[Stored items from a collection]
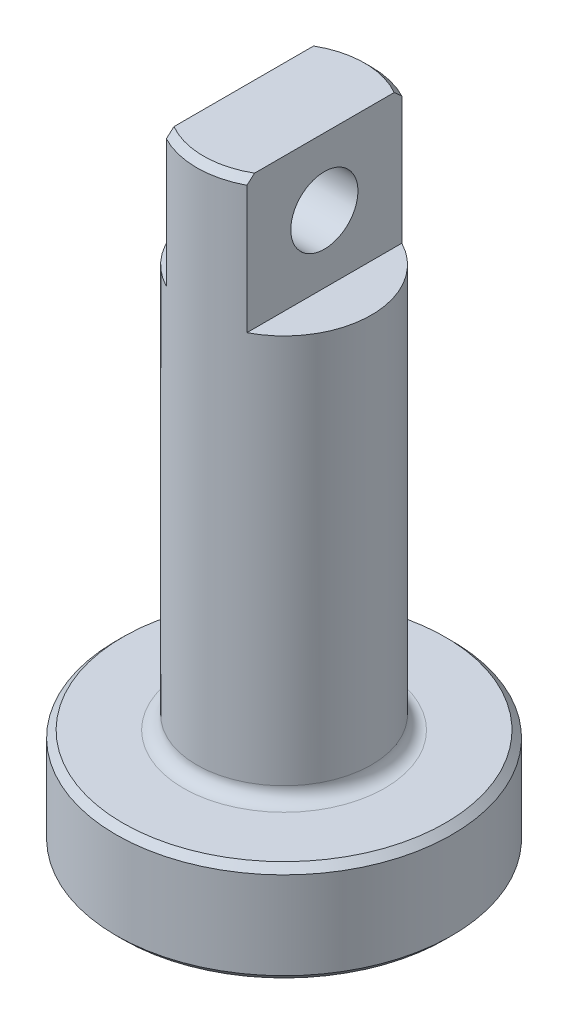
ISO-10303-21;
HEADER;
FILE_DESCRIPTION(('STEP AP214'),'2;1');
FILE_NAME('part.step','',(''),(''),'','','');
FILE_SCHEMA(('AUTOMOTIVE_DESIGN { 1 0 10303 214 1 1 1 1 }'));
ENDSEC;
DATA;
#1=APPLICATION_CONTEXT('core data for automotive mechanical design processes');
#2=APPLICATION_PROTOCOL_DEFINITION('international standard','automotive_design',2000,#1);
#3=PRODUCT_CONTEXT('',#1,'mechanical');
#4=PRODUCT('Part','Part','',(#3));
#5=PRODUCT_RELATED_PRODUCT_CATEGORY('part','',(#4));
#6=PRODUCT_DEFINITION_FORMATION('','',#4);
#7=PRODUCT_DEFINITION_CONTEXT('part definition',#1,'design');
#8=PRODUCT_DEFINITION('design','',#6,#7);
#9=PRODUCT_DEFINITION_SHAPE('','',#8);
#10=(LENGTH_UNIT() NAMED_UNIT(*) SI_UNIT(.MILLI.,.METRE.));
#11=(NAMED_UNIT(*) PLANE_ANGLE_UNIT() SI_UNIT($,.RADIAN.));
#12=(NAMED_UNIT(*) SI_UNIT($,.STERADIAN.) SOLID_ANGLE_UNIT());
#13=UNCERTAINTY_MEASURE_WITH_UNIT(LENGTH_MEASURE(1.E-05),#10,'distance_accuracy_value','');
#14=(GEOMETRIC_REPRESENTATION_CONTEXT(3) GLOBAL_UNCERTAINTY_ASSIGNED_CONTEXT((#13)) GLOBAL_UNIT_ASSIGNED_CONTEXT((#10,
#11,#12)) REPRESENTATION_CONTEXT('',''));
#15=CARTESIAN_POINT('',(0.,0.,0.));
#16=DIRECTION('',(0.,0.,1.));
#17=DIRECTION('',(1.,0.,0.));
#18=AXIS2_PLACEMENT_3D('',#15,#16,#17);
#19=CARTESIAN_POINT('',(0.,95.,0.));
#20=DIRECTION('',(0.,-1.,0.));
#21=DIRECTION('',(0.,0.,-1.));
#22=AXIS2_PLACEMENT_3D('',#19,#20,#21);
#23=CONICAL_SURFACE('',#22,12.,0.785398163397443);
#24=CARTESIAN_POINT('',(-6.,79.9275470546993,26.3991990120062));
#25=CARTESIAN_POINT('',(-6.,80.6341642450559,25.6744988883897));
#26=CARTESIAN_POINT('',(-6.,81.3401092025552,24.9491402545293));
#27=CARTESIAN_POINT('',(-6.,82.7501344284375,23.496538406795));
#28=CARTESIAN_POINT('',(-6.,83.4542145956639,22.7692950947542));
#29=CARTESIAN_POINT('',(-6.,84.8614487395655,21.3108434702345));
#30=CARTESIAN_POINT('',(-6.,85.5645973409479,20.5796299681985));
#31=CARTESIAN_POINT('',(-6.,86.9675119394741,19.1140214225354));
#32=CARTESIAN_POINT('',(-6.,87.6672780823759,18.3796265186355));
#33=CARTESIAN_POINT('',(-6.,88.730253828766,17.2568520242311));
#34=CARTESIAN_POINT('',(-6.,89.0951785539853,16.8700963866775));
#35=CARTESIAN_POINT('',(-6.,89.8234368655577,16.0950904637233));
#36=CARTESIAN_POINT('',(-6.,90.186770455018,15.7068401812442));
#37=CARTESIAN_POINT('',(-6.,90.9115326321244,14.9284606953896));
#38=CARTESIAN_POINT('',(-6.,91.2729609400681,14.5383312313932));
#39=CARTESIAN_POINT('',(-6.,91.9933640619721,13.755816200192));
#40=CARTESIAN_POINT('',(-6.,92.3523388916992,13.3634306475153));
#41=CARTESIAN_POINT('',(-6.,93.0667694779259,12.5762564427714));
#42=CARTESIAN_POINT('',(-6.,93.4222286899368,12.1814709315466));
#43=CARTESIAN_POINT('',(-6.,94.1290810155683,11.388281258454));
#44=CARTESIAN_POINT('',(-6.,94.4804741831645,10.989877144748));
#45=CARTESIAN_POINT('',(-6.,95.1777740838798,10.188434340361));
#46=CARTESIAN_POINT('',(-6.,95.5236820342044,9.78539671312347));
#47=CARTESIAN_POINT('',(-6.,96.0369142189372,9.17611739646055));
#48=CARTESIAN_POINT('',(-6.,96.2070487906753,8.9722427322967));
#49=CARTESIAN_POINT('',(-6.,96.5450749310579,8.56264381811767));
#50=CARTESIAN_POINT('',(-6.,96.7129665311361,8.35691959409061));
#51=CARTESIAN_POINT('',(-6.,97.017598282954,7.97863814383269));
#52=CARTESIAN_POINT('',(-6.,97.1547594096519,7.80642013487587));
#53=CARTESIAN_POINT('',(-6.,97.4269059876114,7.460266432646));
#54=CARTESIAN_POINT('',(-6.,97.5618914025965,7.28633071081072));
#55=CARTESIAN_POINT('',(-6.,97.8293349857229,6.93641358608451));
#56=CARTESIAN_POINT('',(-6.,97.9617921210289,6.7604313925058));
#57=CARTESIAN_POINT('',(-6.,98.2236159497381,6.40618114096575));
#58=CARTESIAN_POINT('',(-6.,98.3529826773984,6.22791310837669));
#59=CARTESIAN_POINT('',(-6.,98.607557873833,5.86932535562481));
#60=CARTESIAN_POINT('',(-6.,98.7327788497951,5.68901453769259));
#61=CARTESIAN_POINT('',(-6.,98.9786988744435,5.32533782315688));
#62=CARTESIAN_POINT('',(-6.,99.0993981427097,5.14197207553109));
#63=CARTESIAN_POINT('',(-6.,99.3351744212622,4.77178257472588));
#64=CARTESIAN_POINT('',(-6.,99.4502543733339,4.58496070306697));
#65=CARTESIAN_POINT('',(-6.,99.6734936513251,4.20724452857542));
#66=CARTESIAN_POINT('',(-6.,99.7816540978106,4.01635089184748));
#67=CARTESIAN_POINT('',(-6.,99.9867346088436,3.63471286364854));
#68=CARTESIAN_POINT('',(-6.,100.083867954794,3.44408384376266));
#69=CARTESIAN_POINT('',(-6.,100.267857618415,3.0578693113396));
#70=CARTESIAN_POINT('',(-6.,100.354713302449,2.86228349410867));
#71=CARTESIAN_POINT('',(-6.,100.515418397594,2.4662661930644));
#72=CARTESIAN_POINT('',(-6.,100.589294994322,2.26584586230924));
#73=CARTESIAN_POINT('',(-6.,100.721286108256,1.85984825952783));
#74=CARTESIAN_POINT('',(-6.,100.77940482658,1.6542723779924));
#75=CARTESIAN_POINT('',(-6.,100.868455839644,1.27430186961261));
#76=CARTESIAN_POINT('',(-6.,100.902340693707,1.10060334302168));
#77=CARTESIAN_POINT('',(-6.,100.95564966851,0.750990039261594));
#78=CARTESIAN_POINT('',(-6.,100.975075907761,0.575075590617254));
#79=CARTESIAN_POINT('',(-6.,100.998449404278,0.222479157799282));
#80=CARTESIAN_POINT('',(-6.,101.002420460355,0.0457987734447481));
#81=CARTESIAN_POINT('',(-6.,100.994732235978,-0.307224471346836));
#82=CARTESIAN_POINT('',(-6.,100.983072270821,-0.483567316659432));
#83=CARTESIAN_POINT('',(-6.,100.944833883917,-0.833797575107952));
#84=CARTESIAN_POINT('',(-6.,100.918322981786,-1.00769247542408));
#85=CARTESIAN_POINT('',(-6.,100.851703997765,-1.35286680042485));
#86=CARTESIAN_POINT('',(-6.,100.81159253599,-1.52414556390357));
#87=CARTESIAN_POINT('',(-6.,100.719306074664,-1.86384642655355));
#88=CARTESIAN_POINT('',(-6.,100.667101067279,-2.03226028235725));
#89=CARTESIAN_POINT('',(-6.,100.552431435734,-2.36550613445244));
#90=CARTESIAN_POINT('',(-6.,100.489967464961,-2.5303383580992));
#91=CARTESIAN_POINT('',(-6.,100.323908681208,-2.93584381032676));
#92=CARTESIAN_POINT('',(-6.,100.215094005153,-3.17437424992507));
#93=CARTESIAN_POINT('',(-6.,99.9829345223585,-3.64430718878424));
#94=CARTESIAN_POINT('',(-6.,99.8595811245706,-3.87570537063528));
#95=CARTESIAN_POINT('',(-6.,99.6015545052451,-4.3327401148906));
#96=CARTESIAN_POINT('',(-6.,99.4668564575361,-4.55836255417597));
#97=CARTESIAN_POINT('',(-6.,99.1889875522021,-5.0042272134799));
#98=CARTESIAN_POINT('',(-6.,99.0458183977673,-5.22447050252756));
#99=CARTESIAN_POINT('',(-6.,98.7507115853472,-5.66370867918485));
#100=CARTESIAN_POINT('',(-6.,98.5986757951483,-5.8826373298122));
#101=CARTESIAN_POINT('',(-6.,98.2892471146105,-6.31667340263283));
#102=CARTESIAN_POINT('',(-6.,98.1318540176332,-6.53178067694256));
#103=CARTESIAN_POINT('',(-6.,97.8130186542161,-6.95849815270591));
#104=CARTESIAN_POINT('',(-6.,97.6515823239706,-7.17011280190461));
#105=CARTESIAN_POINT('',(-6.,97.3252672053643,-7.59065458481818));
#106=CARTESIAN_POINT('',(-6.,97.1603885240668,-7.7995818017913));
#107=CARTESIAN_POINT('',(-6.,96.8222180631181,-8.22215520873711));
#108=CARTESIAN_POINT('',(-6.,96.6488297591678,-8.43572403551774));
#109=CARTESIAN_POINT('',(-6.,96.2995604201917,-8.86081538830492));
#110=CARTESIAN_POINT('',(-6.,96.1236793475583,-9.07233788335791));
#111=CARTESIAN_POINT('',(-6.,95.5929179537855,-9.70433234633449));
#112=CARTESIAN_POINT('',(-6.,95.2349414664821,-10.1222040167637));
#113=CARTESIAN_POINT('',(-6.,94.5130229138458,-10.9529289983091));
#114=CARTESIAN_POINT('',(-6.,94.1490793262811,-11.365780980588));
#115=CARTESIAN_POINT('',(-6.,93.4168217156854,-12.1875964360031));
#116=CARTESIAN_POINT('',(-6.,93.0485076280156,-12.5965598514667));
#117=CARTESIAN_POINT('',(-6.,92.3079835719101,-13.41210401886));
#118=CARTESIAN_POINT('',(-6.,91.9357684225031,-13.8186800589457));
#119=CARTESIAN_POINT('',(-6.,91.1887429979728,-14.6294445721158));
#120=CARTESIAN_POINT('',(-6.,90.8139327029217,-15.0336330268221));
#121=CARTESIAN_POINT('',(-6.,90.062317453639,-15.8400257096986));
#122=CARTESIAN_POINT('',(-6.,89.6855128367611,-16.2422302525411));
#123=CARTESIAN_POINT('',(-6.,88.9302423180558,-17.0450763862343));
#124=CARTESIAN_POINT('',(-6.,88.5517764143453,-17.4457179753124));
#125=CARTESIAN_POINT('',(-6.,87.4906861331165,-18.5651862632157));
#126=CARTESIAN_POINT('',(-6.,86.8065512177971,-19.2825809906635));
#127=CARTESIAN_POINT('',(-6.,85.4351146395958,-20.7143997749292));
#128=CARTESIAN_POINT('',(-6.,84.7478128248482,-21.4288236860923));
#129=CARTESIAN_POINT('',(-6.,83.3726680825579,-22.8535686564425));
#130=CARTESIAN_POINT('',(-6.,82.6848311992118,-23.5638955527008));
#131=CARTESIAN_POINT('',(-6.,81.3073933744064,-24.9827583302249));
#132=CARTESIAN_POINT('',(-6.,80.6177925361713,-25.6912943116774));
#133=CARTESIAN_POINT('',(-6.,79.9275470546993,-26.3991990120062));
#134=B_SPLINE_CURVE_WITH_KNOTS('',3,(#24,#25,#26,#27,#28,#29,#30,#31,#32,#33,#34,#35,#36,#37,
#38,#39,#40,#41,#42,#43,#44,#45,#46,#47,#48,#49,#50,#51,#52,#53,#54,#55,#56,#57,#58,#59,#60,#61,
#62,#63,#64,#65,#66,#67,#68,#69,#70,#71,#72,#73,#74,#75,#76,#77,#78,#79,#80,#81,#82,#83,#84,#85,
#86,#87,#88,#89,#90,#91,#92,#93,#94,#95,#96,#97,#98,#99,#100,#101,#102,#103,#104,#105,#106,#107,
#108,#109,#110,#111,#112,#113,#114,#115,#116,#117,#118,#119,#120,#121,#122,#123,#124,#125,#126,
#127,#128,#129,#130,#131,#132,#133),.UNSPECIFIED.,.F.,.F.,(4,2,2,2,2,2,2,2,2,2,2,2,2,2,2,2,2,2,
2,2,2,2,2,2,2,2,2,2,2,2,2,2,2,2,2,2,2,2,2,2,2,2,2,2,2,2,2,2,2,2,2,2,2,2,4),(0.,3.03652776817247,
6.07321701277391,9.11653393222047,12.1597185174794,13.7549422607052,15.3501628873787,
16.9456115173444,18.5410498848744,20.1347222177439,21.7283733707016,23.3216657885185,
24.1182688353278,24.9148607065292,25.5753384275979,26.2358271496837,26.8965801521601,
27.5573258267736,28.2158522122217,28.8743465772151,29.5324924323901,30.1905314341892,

WHAT YOU ARE ASKED TO DO → What you return should be exactly the lines above, starting at the one with "#24=CARTESIAN_POINT('',(-6.,79.9275470546993,26.3991990120062));" and ending at the one with "#37=CARTESIAN_POINT('',(-6.,90.9115326321244,14.9284606953896));", and nothing else.

WORKED SOLUTION →
#24=CARTESIAN_POINT('',(-6.,79.9275470546993,26.3991990120062));
#25=CARTESIAN_POINT('',(-6.,80.6341642450559,25.6744988883897));
#26=CARTESIAN_POINT('',(-6.,81.3401092025552,24.9491402545293));
#27=CARTESIAN_POINT('',(-6.,82.7501344284375,23.496538406795));
#28=CARTESIAN_POINT('',(-6.,83.4542145956639,22.7692950947542));
#29=CARTESIAN_POINT('',(-6.,84.8614487395655,21.3108434702345));
#30=CARTESIAN_POINT('',(-6.,85.5645973409479,20.5796299681985));
#31=CARTESIAN_POINT('',(-6.,86.9675119394741,19.1140214225354));
#32=CARTESIAN_POINT('',(-6.,87.6672780823759,18.3796265186355));
#33=CARTESIAN_POINT('',(-6.,88.730253828766,17.2568520242311));
#34=CARTESIAN_POINT('',(-6.,89.0951785539853,16.8700963866775));
#35=CARTESIAN_POINT('',(-6.,89.8234368655577,16.0950904637233));
#36=CARTESIAN_POINT('',(-6.,90.186770455018,15.7068401812442));
#37=CARTESIAN_POINT('',(-6.,90.9115326321244,14.9284606953896));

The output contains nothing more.